Your goal:
Can you return the records below exactly as they stand, but only from the first line through the one with "settings SFSimCC: SimUseLocalCustomCode=off"?

-.-.-

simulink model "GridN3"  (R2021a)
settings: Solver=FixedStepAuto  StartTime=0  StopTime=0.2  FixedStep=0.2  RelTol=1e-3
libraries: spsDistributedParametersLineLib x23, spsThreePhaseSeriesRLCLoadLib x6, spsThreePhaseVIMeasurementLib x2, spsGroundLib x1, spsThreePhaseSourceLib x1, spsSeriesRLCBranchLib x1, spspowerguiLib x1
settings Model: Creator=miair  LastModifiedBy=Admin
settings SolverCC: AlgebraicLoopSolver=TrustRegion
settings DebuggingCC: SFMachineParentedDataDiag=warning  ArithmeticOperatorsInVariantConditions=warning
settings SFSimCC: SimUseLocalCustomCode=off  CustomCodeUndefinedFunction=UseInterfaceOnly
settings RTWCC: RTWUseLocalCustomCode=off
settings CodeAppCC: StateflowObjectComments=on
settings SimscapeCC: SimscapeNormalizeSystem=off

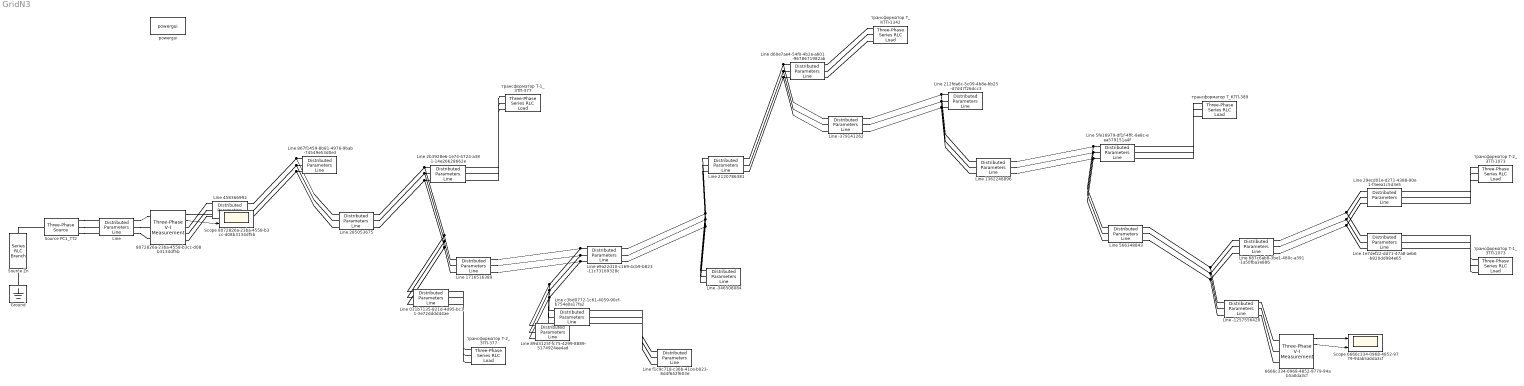
== system GridN3 ==
  6666c334-0968-4852-9779-94ab5a0da3cf : spsThreePhaseVIMeasurementLib/Three-Phase V-I Measurement  VoltageMeasurement=phase-to-ground  SetLabelV=off  LabelV=Vabc  Vpu=off  VpuLL=off  CurrentMeasurement=yes  SetLabelI=off  LabelI=Iabc  Ipu=off  Pbase=100e6  Vbase=500e3  OutputType=Complex  PhasorSimulation=on  PSBequivalent=0
  8072826a-23ba-4558-b3cc-d08b3134df5b : spsThreePhaseVIMeasurementLib/Three-Phase V-I Measurement  VoltageMeasurement=phase-to-ground  SetLabelV=off  LabelV=Vabc  Vpu=off  VpuLL=off  CurrentMeasurement=yes  SetLabelI=off  LabelI=Iabc  Ipu=off  Pbase=100e6  Vbase=500e3  OutputType=Complex  PhasorSimulation=on  PSBequivalent=0
  Ground : spsGroundLib/Ground  LConnTagsString=a
  Line : spsDistributedParametersLineLib/Distributed Parameters Line  Phases=3  Length=0.01  Frequency=50  Resistance=[0.476003738225748 0.351747138225748 0.351747138225748;0.351747138225748 0.476003738225748 0.351747138225748;0.351747138225748 0.351747138225748 0.476003738225748]  Inductance=[0.000705954362986426 0.000459934243504405 0.000459934243504405;0.000459934243504405 0.000705954362986426 0.000459934243504405;0.000459934243504405 0.000459934243504405 0.000705954362986426]  Capacitance=[5.7561313269996e-07 -1.37543883484145e-07 -1.37543912800485e-07;-1.37543883484145e-07 5.75613027339387e-07 -1.37543875208088e-07;-1.37543912800485e-07 -1.37543875208088e-07 5.75613005057695e-07]  x1=[0.00248416968645642 9994.62949178778 9994.63015557589;314.159265358979 314.159265358979 314.159265358979;-0.209307472059049 -0.0974986098841589 -1.66829496511214]  x2=[0.00249202348785049 9994.60556041834 9994.60622450589;314.159265358979 314.159265358979 314.159265358979;-0.209371282448909 -0.0974995948061754 -1.66829595013455]  x3=[0.000641970470002415 520.655471222364 520.655272877081;314.159265358979 314.159265358979 314.159265358979;-0.616333515223182 -0.0919011652667847 -1.6626988448985]  x4=[0.00058046578213103 555.532346643067 555.53252577177;314.159265358979 314.159265358979 314.159265358979;2.4791127944815 -0.102785899279316 -1.6735810096435]  x5=2.2104317621921e-07  V1=[9.635 6853 6854;314.2 314.2 314.2;-1.242 -0.5939 -2.165]  V2=[9.699 6846 6847;314.2 314.2 314.2;-1.252 -0.5942 -2.166]  I1=[9.527 4746 4750;314.2 314.2 314.2;-2.657 2.284 0.7135]  I2=[9.488 5462 5466;314.2 314.2 314.2;0.457 -0.8227 -2.393]  nHarmo=1  Measurements=None  Decoupling=off  VsMag0=0  VrMag0=0  VsAngle0=0  VrAngle0=0  IsMag0=0  IrMag0=0  IsAngle0=0  IrAngle0=0
      settings: SourceProductBaseCode=PS
  Line -1257556428 : spsDistributedParametersLineLib/Distributed Parameters Line  Description=Line connected to devices: [Опора-7/3_РВА-18-10кВ, ВВ РВА-19-10кВ]  Phases=3  Length=0.083645  Frequency=50  Resistance=[0.646656091154803 0.0486237908083191 0.0486712220507153;0.0486237908083191 0.646561225344642 0.0486237934466192;0.0486712220507153 0.0486237934466192 0.646656091154803]  Inductance=[0.00282448912315926 0.00133270803418135 0.00132951476746136;0.00133270803418135 0.00282479813276775 0.00133799988507366;0.00132951476746136 0.00133799988507366 0.00282448912315926]  Capacitance=[7.89543174552926e-09 -1.85986777702161e-09 -1.7901190036642e-09;-1.85986777702161e-09 7.82540023894543e-09 -1.8957321828871e-09;-1.7901190036642e-09 -1.8957321828871e-09 7.91264394645417e-09]  x1=[130.195487453536 9973.60649370411 9972.72701785655;314.159265358979 314.159265358979 314.159265358979;1.01783084349048 -0.180232565928728 -1.7511791412125]  x2=[130.195488485517 9973.60654359898 9972.72706784203;314.159265358979 314.159265358979 314.159265358979;1.01783084007243 -0.180232572293712 -1.75117914763134]  x3=[0.1138298319704 25.37931125459 25.5719653581981;314.159265358979 314.159265358979 314.159265358979;1.01770493460482 -0.180332596029893 -1.75127926654323]  x4=[0.113829831668174 25.3793112552595 25.5719653590152;314.159265358979 314.159265358979 314.159265358979;1.01783083789995 -0.180232572291638 -1.75117914764327]  x5=4.00782735046359e-07  V1=ones(3,3)  V2=ones(3,3)  I1=ones(3,3)  I2=ones(3,3)  nHarmo=1  Measurements=None  Decoupling=off  VsMag0=0  VrMag0=0  VsAngle0=0  VrAngle0=0  IsMag0=0  IrMag0=0  IsAngle0=0  IrAngle0=0
      settings: SourceProductBaseCode=PS
  Line -346508084 : spsDistributedParametersLineLib/Distributed Parameters Line  Description=Line connected to devices: [Опора-2/18_РВА-18-10кВ, трансформатор Т_ТП-1060]  Phases=3  Length=0.088705  Frequency=50  Resistance=[0.991907494602668 0.595664141602668 0.595664141602668;0.595664141602668 0.991907494602668 0.595664141602668;0.595664141602668 0.595664141602668 0.991907494602668]  Inductance=[0.0013307605340619 0.0010400448682494 0.0010400448682494;0.0010400448682494 0.0013307605340619 0.0010400448682494;0.0010400448682494 0.0010400448682494 0.0013307605340619]  Capacitance=[4.05772665830295e-07 -7.83285059789075e-08 -7.83285016498931e-08;-7.83285059789075e-08 4.05772632089447e-07 -7.83285164513028e-08;-7.83285016498931e-08 -7.83285164513028e-08 4.05772808751434e-07]  x1=[0.322741475387784 9980.65599219644 9980.715327366;314.159265358979 314.159265358979 314.159265358979;1.57918467580644 -2.60997141443051 2.10241712331379]  x2=[0.322741581891787 9980.65653761441 9980.71587278735;314.159265358979 314.159265358979 314.159265358979;1.57918400360962 -2.60997165152103 2.10241688622321]  x3=[0.00275476842510044 406.842013048205 406.844478176611;314.159265358979 314.159265358979 314.159265358979;1.57837201879215 -2.61030213099678 2.10208640670926]  x4=[0.00275476820549943 406.842013056325 406.844478184102;314.159265358979 314.159265358979 314.159265358979;1.57918399796258 -2.60997165152122 2.10241688622338]  x5=2.58571089417873e-06  V1=ones(3,3)  V2=ones(3,3)  I1=ones(3,3)  I2=ones(3,3)  nHarmo=1  Measurements=None  Decoupling=off  VsMag0=0  VrMag0=0  VsAngle0=0  VrAngle0=0  IsMag0=0  IrMag0=0  IsAngle0=0  IrAngle0=0
      settings: SourceProductBaseCode=PS
  Line -379141262 : spsDistributedParametersLineLib/Distributed Parameters Line  Description=Line connected to devices: [Опора-2/22_РВА-18-10кВ, СШ ЗТП-921]  Phases=3  Length=0.22086  Frequency=50  Resistance=[0.646656091154803 0.0486237908083191 0.0486712220507153;0.0486237908083191 0.646561225344642 0.0486237934466192;0.0486712220507153 0.0486237934466192 0.646656091154803]  Inductance=[0.00282448912315926 0.00133270803418135 0.00132951476746136;0.00133270803418135 0.00282479813276775 0.00133799988507366;0.00132951476746136 0.00133799988507366 0.00282448912315926]  Capacitance=[7.89543174552926e-09 -1.85986777702161e-09 -1.7901190036642e-09;-1.85986777702161e-09 7.82540023894543e-09 -1.8957321828871e-09;-1.7901190036642e-09 -1.8957321828871e-09 7.91264394645417e-09]  x1=[130.165118685914 9978.39489936247 9977.50969652403;314.159265358979 314.159265358979 314.159265358979;1.01744582863773 -0.18016998377822 -1.75111864820754]  x2=[130.176001379297 9976.68210649216 9975.79896258531;314.159265358979 314.159265358979 314.159265358979;1.01750951020536 -0.180250877136813 -1.75119885149384]  x3=[0.143503097471827 14.6204712251411 14.807865796718;314.159265358979 314.159265358979 314.159265358979;0.904160202139517 -0.00692122857702061 -1.58029304999096]  x4=[0.0865457133359061 36.4569106401023 36.6508234353249;314.159265358979 314.159265358979 314.159265358979;1.20564086316834 -0.249597634104575 -1.82009652208986]  x5=1.0582446633073e-06  V1=ones(3,3)  V2=ones(3,3)  I1=ones(3,3)  I2=ones(3,3)  nHarmo=1  Measurements=None  Decoupling=off  VsMag0=0  VrMag0=0  VsAngle0=0  VrAngle0=0  IsMag0=0  IrMag0=0  IsAngle0=0  IrAngle0=0
      settings: SourceProductBaseCode=PS
  Line 011b7135-821d-4d95-bc11-3e72dddd44ae : spsDistributedParametersLineLib/Distributed Parameters Line  Description=Line connected to devices: [СШ ЗТП-377, трансформатор Т-2_ЗТП-377]  Phases=3  Length=0.005  Frequency=50  Resistance=[0.476003738225748 0.351747138225748 0.351747138225748;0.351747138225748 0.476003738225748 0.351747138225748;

-.-.-

Answer area:
simulink model "GridN3"  (R2021a)
settings: Solver=FixedStepAuto  StartTime=0  StopTime=0.2  FixedStep=0.2  RelTol=1e-3
libraries: spsDistributedParametersLineLib x23, spsThreePhaseSeriesRLCLoadLib x6, spsThreePhaseVIMeasurementLib x2, spsGroundLib x1, spsThreePhaseSourceLib x1, spsSeriesRLCBranchLib x1, spspowerguiLib x1
settings Model: Creator=miair  LastModifiedBy=Admin
settings SolverCC: AlgebraicLoopSolver=TrustRegion
settings DebuggingCC: SFMachineParentedDataDiag=warning  ArithmeticOperatorsInVariantConditions=warning
settings SFSimCC: SimUseLocalCustomCode=off  CustomCodeUndefinedFunction=UseInterfaceOnly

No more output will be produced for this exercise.